■ Prompt:
Of the entries below, copy only those lines that contain the word "Byte".

Start of Exercise inputs

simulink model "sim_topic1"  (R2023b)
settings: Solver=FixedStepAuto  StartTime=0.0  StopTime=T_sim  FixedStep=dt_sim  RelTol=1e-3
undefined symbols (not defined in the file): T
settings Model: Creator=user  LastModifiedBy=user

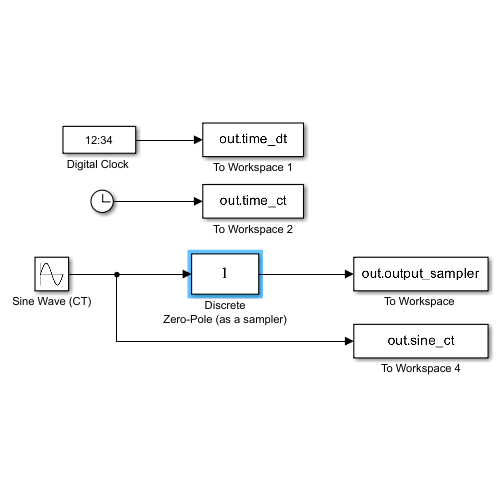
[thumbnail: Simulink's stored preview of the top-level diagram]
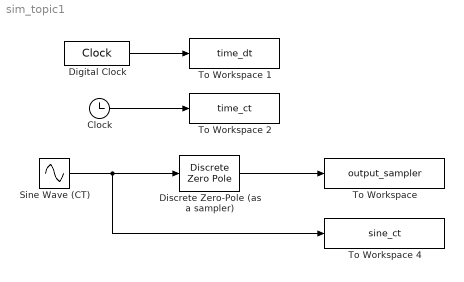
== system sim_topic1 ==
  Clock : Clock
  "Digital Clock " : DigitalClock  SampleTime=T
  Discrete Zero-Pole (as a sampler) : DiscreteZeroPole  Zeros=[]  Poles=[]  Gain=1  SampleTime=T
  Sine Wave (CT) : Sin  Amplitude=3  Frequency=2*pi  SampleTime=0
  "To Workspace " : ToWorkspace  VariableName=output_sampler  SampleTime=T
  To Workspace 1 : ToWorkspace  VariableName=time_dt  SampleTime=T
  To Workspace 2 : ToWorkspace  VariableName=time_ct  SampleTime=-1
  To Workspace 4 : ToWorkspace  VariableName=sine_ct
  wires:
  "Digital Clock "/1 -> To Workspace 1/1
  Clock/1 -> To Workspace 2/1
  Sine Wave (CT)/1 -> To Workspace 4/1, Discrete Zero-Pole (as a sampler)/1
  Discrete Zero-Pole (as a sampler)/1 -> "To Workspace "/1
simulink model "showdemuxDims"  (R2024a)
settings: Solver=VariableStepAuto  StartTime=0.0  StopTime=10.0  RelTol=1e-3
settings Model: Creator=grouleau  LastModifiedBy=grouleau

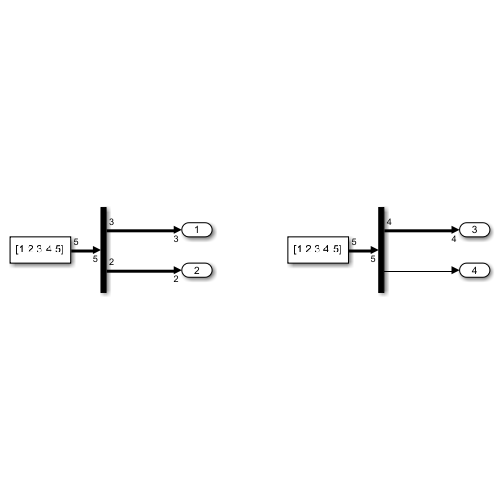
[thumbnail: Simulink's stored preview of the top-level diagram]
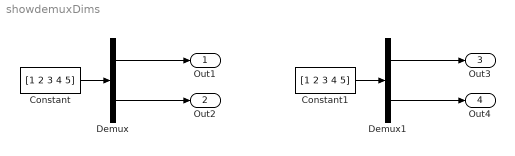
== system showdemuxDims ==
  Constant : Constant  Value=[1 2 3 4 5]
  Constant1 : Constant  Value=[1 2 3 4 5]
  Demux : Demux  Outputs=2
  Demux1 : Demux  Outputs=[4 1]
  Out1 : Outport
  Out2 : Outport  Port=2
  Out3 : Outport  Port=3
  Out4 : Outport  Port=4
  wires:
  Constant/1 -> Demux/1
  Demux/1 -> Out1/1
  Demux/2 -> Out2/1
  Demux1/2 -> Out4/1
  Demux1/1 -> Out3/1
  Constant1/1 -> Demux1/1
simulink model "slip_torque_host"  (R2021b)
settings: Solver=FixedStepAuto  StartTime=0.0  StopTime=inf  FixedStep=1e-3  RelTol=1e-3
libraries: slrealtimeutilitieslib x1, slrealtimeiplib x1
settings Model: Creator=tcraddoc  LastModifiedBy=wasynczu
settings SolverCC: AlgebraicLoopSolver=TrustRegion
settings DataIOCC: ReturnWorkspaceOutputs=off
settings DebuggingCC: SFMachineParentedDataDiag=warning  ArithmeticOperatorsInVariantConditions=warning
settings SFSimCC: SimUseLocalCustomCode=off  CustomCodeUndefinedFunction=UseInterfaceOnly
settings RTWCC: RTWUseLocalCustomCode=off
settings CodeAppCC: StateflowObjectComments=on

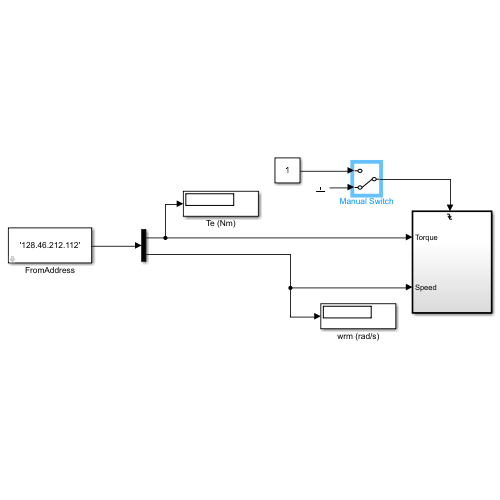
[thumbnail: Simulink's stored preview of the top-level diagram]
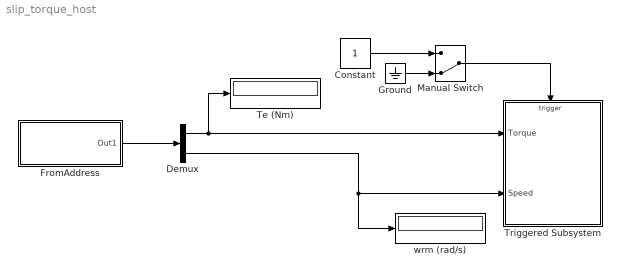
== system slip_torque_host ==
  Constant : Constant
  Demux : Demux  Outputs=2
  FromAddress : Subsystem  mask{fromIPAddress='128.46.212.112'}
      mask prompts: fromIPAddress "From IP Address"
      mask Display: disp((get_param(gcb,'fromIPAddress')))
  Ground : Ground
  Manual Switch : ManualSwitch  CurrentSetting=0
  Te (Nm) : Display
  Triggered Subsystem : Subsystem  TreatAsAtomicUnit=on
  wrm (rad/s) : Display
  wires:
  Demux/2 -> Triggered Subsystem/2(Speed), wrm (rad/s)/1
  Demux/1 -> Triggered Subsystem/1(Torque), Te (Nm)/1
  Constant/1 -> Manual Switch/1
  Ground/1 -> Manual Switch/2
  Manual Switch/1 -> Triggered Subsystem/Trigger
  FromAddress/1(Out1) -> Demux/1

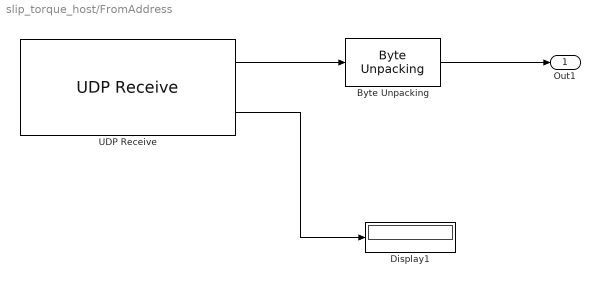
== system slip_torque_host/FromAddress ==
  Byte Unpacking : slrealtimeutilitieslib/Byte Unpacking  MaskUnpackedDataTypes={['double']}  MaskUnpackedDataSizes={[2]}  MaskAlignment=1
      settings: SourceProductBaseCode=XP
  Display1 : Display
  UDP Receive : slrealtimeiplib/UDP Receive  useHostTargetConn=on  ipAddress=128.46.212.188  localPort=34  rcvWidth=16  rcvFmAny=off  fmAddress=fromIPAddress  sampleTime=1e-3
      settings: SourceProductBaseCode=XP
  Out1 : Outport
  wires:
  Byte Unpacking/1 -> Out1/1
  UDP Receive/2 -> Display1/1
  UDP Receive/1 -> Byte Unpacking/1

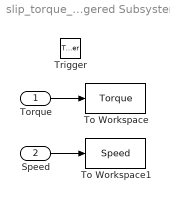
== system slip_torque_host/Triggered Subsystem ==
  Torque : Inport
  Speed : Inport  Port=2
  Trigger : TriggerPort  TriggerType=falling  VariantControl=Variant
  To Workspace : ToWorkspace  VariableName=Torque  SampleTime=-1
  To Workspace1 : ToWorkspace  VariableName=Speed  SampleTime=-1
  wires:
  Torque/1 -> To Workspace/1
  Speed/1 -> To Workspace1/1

End of Exercise inputs

■ Task result:
  Byte Unpacking : slrealtimeutilitieslib/Byte Unpacking  MaskUnpackedDataTypes={['double']}  MaskUnpackedDataSizes={[2]}  MaskAlignment=1
  Byte Unpacking/1 -> Out1/1
  UDP Receive/1 -> Byte Unpacking/1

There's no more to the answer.